Dans Sound of Metal, Ruben (Riz Ahmed) joue de la batterie dans un groupe de métal, un duo qu’il tient avec sa copine Lou (Olivia Cooke). Musicien itinérant dans son camping-car/studio de musique, un énorme tatouage « Please kill me » sur le torse, Ruben est de ces marginaux qu’on rejette. Lou, quant a elle, arbore timidement de nombreuses cicatrices sur le bras. Malgré cela, tout a l’air d’une idylle entre les deux : une tournée de prévue et une relation saine entre eux. Réunis par l’amour de la musique, Ruben voit peu à peu son idéal s’éloigner lorsqu’il se rend compte qu’il perd l’audition.
Comment apprendre à vivre avec cette invitation à retourner vers ses vieux démons ? Outre un excellent concept introspectif, Sound of Metal se dote d’un sound design rarement aussi travaillé dans une oeuvre cinématographique : merci au talentueux Nicolas Becker, car c’est notamment grâce à cet élément que le film de Darius Marder est transcendé. Le spectateur se retrouve violemment propulsé dans la tête de Ruben, sourd en devenir, pour l’accompagner tout au long de ce processus d’apprentissage et, qui sait, d’acceptation.

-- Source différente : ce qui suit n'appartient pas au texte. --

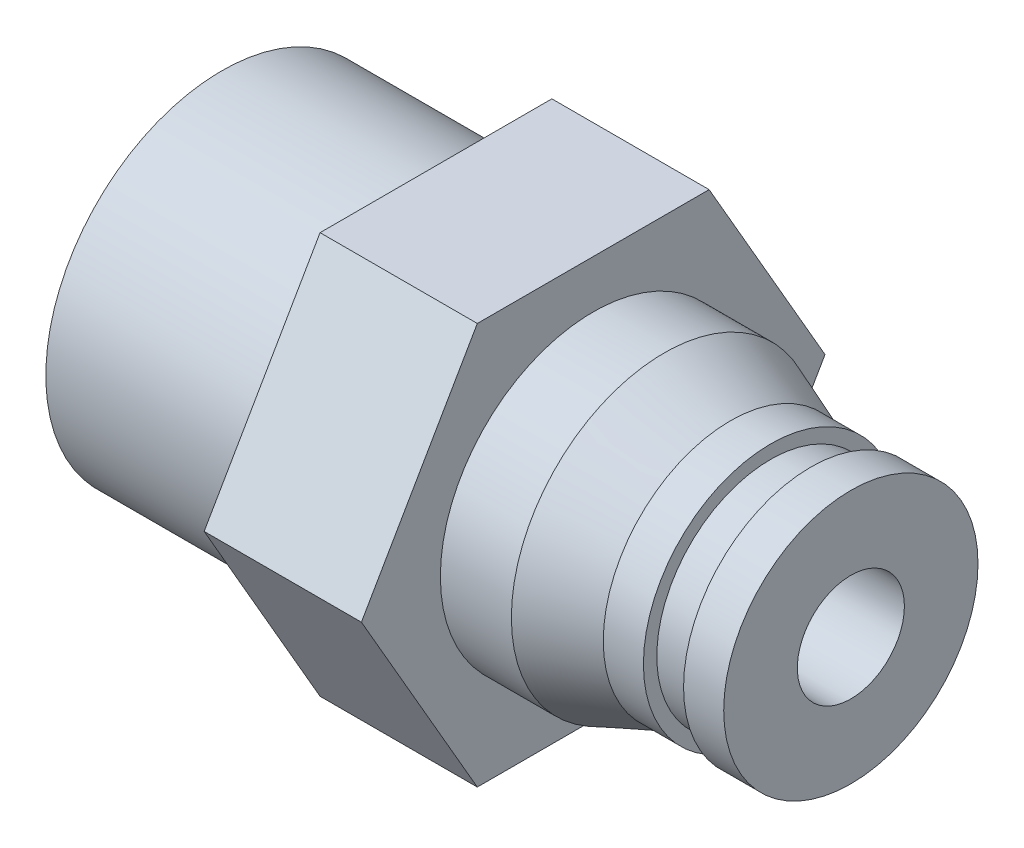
ISO-10303-21;
HEADER;
FILE_DESCRIPTION(('STEP AP214'),'2;1');
FILE_NAME('part.step','',(''),(''),'','','');
FILE_SCHEMA(('AUTOMOTIVE_DESIGN { 1 0 10303 214 1 1 1 1 }'));
ENDSEC;
DATA;
#1=APPLICATION_CONTEXT('core data for automotive mechanical design processes');
#2=APPLICATION_PROTOCOL_DEFINITION('international standard','automotive_design',2000,#1);
#3=PRODUCT_CONTEXT('',#1,'mechanical');
#4=PRODUCT('Part','Part','',(#3));
#5=PRODUCT_RELATED_PRODUCT_CATEGORY('part','',(#4));
#6=PRODUCT_DEFINITION_FORMATION('','',#4);
#7=PRODUCT_DEFINITION_CONTEXT('part definition',#1,'design');
#8=PRODUCT_DEFINITION('design','',#6,#7);
#9=PRODUCT_DEFINITION_SHAPE('','',#8);
#10=(LENGTH_UNIT() NAMED_UNIT(*) SI_UNIT(.MILLI.,.METRE.));
#11=(NAMED_UNIT(*) PLANE_ANGLE_UNIT() SI_UNIT($,.RADIAN.));
#12=(NAMED_UNIT(*) SI_UNIT($,.STERADIAN.) SOLID_ANGLE_UNIT());
#13=UNCERTAINTY_MEASURE_WITH_UNIT(LENGTH_MEASURE(1.E-05),#10,'distance_accuracy_value','');
#14=(GEOMETRIC_REPRESENTATION_CONTEXT(3) GLOBAL_UNCERTAINTY_ASSIGNED_CONTEXT((#13)) GLOBAL_UNIT_ASSIGNED_CONTEXT((#10,
#11,#12)) REPRESENTATION_CONTEXT('',''));
#15=CARTESIAN_POINT('',(0.,0.,0.));
#16=DIRECTION('',(0.,0.,1.));
#17=DIRECTION('',(1.,0.,0.));
#18=AXIS2_PLACEMENT_3D('',#15,#16,#17);
#19=CARTESIAN_POINT('',(8.,6.575,0.));
#20=DIRECTION('',(-1.,0.,0.));
#21=DIRECTION('',(0.,0.,1.));
#22=AXIS2_PLACEMENT_3D('',#19,#20,#21);
#23=PLANE('',#22);
#24=CARTESIAN_POINT('',(8.,0.,0.));
#25=DIRECTION('',(1.,0.,0.));
#26=DIRECTION('',(0.,0.,-1.));
#27=AXIS2_PLACEMENT_3D('',#24,#25,#26);
#28=CIRCLE('',#27,6.575);
#29=CARTESIAN_POINT('',(8.,0.,-6.575));
#30=VERTEX_POINT('',#29);
#31=EDGE_CURVE('E215',#30,#30,#28,.T.);
#32=ORIENTED_EDGE('',*,*,#31,.T.);
#33=EDGE_LOOP('',(#32));
#34=FACE_BOUND('',#33,.T.);
#35=DIRECTION('',(0.,-0.866025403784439,0.5));
#36=VECTOR('',#35,1.);
#37=CARTESIAN_POINT('',(8.,0.,-8.66025403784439));
#38=LINE('',#37,#36);
#39=CARTESIAN_POINT('',(8.,0.,-8.66025403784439));
#40=VERTEX_POINT('',#39);
#41=CARTESIAN_POINT('',(8.,-7.5,-4.33012701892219));
#42=VERTEX_POINT('',#41);
#43=EDGE_CURVE('E121',#40,#42,#38,.T.);
#44=ORIENTED_EDGE('',*,*,#43,.T.);
#45=DIRECTION('',(0.,0.,1.));
#46=VECTOR('',#45,1.);
#47=CARTESIAN_POINT('',(8.,-7.5,-4.33012701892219));
#48=LINE('',#47,#46);
#49=CARTESIAN_POINT('',(8.,-7.5,4.3301270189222));
#50=VERTEX_POINT('',#49);
#51=EDGE_CURVE('E106',#42,#50,#48,.T.);
#52=ORIENTED_EDGE('',*,*,#51,.T.);
#53=DIRECTION('',(0.,0.866025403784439,0.5));
#54=VECTOR('',#53,1.);
#55=CARTESIAN_POINT('',(8.,-7.5,4.3301270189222));
#56=LINE('',#55,#54);
#57=CARTESIAN_POINT('',(8.,0.,8.66025403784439));
#58=VERTEX_POINT('',#57);
#59=EDGE_CURVE('E115',#50,#58,#56,.T.);
#60=ORIENTED_EDGE('',*,*,#59,.T.);
#61=DIRECTION('',(0.,0.866025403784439,-0.5));
#62=VECTOR('',#61,1.);
#63=CARTESIAN_POINT('',(8.,0.,8.66025403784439));
#64=LINE('',#63,#62);
#65=CARTESIAN_POINT('',(8.,7.5,4.33012701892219));
#66=VERTEX_POINT('',#65);
#67=EDGE_CURVE('E30',#58,#66,#64,.T.);
#68=ORIENTED_EDGE('',*,*,#67,.T.);
#69=DIRECTION('',(0.,0.,-1.));
#70=VECTOR('',#69,1.);
#71=CARTESIAN_POINT('',(8.,7.5,4.33012701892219));
#72=LINE('',#71,#70);
#73=CARTESIAN_POINT('',(8.,7.5,-4.3301270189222));
#74=VERTEX_POINT('',#73);
#75=EDGE_CURVE('E125',#66,#74,#72,.T.);
#76=ORIENTED_EDGE('',*,*,#75,.T.);
#77=DIRECTION('',(0.,-0.866025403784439,-0.5));
#78=VECTOR('',#77,1.);
#79=CARTESIAN_POINT('',(8.,7.5,-4.3301270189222));
#80=LINE('',#79,#78);
#81=EDGE_CURVE('E128',#74,#40,#80,.T.);
#82=ORIENTED_EDGE('',*,*,#81,.T.);
#83=EDGE_LOOP('',(#44,#52,#60,#68,#76,#82));
#84=FACE_BOUND('',#83,.T.);
#85=ADVANCED_FACE('F15',(#34,#84),#23,.T.);
#86=CARTESIAN_POINT('',(13.875,9.5,0.));
#87=DIRECTION('',(1.,0.,0.));
#88=DIRECTION('',(0.,0.,-1.));
#89=AXIS2_PLACEMENT_3D('',#86,#87,#88);
#90=PLANE('',#89);
#91=CARTESIAN_POINT('',(13.875,0.,0.));
#92=DIRECTION('',(1.,0.,0.));
#93=DIRECTION('',(0.,0.,-1.));
#94=AXIS2_PLACEMENT_3D('',#91,#92,#93);
#95=CIRCLE('',#94,5.71042834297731);
#96=CARTESIAN_POINT('',(13.875,0.,-5.71042834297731));
#97=VERTEX_POINT('',#96);
#98=EDGE_CURVE('E212',#97,#97,#95,.T.);
#99=ORIENTED_EDGE('',*,*,#98,.F.);
#100=EDGE_LOOP('',(#99));
#101=FACE_BOUND('',#100,.T.);
#102=DIRECTION('',(0.,0.866025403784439,0.5));
#103=VECTOR('',#102,1.);
#104=CARTESIAN_POINT('',(13.875,-7.5,4.3301270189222));
#105=LINE('',#104,#103);
#106=CARTESIAN_POINT('',(13.875,-7.5,4.33012701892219));
#107=VERTEX_POINT('',#106);
#108=CARTESIAN_POINT('',(13.875,0.,8.66025403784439));
#109=VERTEX_POINT('',#108);
#110=EDGE_CURVE('E132',#107,#109,#105,.T.);
#111=ORIENTED_EDGE('',*,*,#110,.F.);
#112=DIRECTION('',(0.,0.,1.));
#113=VECTOR('',#112,1.);
#114=CARTESIAN_POINT('',(13.875,-7.5,-4.33012701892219));
#115=LINE('',#114,#113);
#116=CARTESIAN_POINT('',(13.875,-7.5,-4.33012701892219));
#117=VERTEX_POINT('',#116);
#118=EDGE_CURVE('E38',#117,#107,#115,.T.);
#119=ORIENTED_EDGE('',*,*,#118,.F.);
#120=DIRECTION('',(0.,-0.866025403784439,0.5));
#121=VECTOR('',#120,1.);
#122=CARTESIAN_POINT('',(13.875,0.,-8.66025403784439));
#123=LINE('',#122,#121);
#124=CARTESIAN_POINT('',(13.875,0.,-8.66025403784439));
#125=VERTEX_POINT('',#124);
#126=EDGE_CURVE('E112',#125,#117,#123,.T.);
#127=ORIENTED_EDGE('',*,*,#126,.F.);
#128=DIRECTION('',(0.,-0.866025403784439,-0.5));
#129=VECTOR('',#128,1.);
#130=CARTESIAN_POINT('',(13.875,7.5,-4.3301270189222));
#131=LINE('',#130,#129);
#132=CARTESIAN_POINT('',(13.875,7.5,-4.3301270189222));
#133=VERTEX_POINT('',#132);
#134=EDGE_CURVE('E140',#133,#125,#131,.T.);
#135=ORIENTED_EDGE('',*,*,#134,.F.);
#136=DIRECTION('',(0.,0.,-1.));
#137=VECTOR('',#136,1.);
#138=CARTESIAN_POINT('',(13.875,7.5,4.33012701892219));
#139=LINE('',#138,#137);
#140=CARTESIAN_POINT('',(13.875,7.5,4.33012701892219));
#141=VERTEX_POINT('',#140);
#142=EDGE_CURVE('E137',#141,#133,#139,.T.);
#143=ORIENTED_EDGE('',*,*,#142,.F.);
#144=DIRECTION('',(0.,0.866025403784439,-0.5));
#145=VECTOR('',#144,1.);
#146=CARTESIAN_POINT('',(13.875,0.,8.66025403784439));
#147=LINE('',#146,#145);
#148=EDGE_CURVE('E134',#109,#141,#147,.T.);
#149=ORIENTED_EDGE('',*,*,#148,.F.);
#150=EDGE_LOOP('',(#111,#119,#127,#135,#143,#149));
#151=FACE_BOUND('',#150,.T.);
#152=ADVANCED_FACE('F269',(#101,#151),#90,.T.);
#153=CARTESIAN_POINT('',(0.,0.,0.));
#154=DIRECTION('',(-1.,0.,0.));
#155=DIRECTION('',(0.,0.,1.));
#156=AXIS2_PLACEMENT_3D('',#153,#154,#155);
#157=PLANE('',#156);
#158=CARTESIAN_POINT('',(0.,0.,0.));
#159=DIRECTION('',(1.,0.,0.));
#160=DIRECTION('',(0.,0.,-1.));
#161=AXIS2_PLACEMENT_3D('',#158,#159,#160);
#162=CIRCLE('',#161,6.575);
#163=CARTESIAN_POINT('',(0.,0.,-6.575));
#164=VERTEX_POINT('',#163);
#165=EDGE_CURVE('E218',#164,#164,#162,.T.);
#166=ORIENTED_EDGE('',*,*,#165,.F.);
#167=EDGE_LOOP('',(#166));
#168=FACE_BOUND('',#167,.T.);
#169=DIRECTION('',(0.,-0.866025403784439,-0.5));
#170=VECTOR('',#169,1.);
#171=CARTESIAN_POINT('',(0.,0.,1.73205080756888));
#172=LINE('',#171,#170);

Si le film ne va pas jusqu’à l’expérimentation extrême qui plongerait la salle dans une surdité permanente (ou presque), il y a une vraie pertinence dans l’alternance des séquences semi-subjectives et séquences externes. Le spectateur reste donc collé à un Riz Ahmed grandiose tout au long du métrage, passant du fameux sound of metal, à savoir l’acouphène qui tire vers le larsen, pour aller à la vision objective et gentiment triste de la réalité d’une discussion animée entre sourds, ponctuée avant tout de légers geignements et de coups sur les meubles pour attirer l’attention. Sound of Metal dépasse donc la simple quête introspective pour arriver à devenir une de représentations, celle d’une communauté encore très peu montrée.
Et pour cause, il semblait ardu de relever le défi d’exprimer à la fois cet entre-deux cauchemardesque dans lequel se trouve Ruben, et la vie d’une communauté de sourds limite sectaire. Le tout est finalement sublimé par la délicatesse de la relation amoureuse, moteur indispensable pour le décadent Ruben. Dans une scène à tendance niaiseuse, les deux se retrouvent enlacés dans le lit de la maison parisienne de Lou, à pleurer dans les bras l’un de l’autre. Pourtant, la vraie détresse perceptible durant tout le film explose enfin, de la façon la plus pudique qui soit. Ruben, cet ex-toxicomane à la recherche de la rédemption, se retrouve parfois contraint à se retrouver seul face à une feuille blanche jusqu’à ce qu’il exprime tout ce qu’il a à exprimer.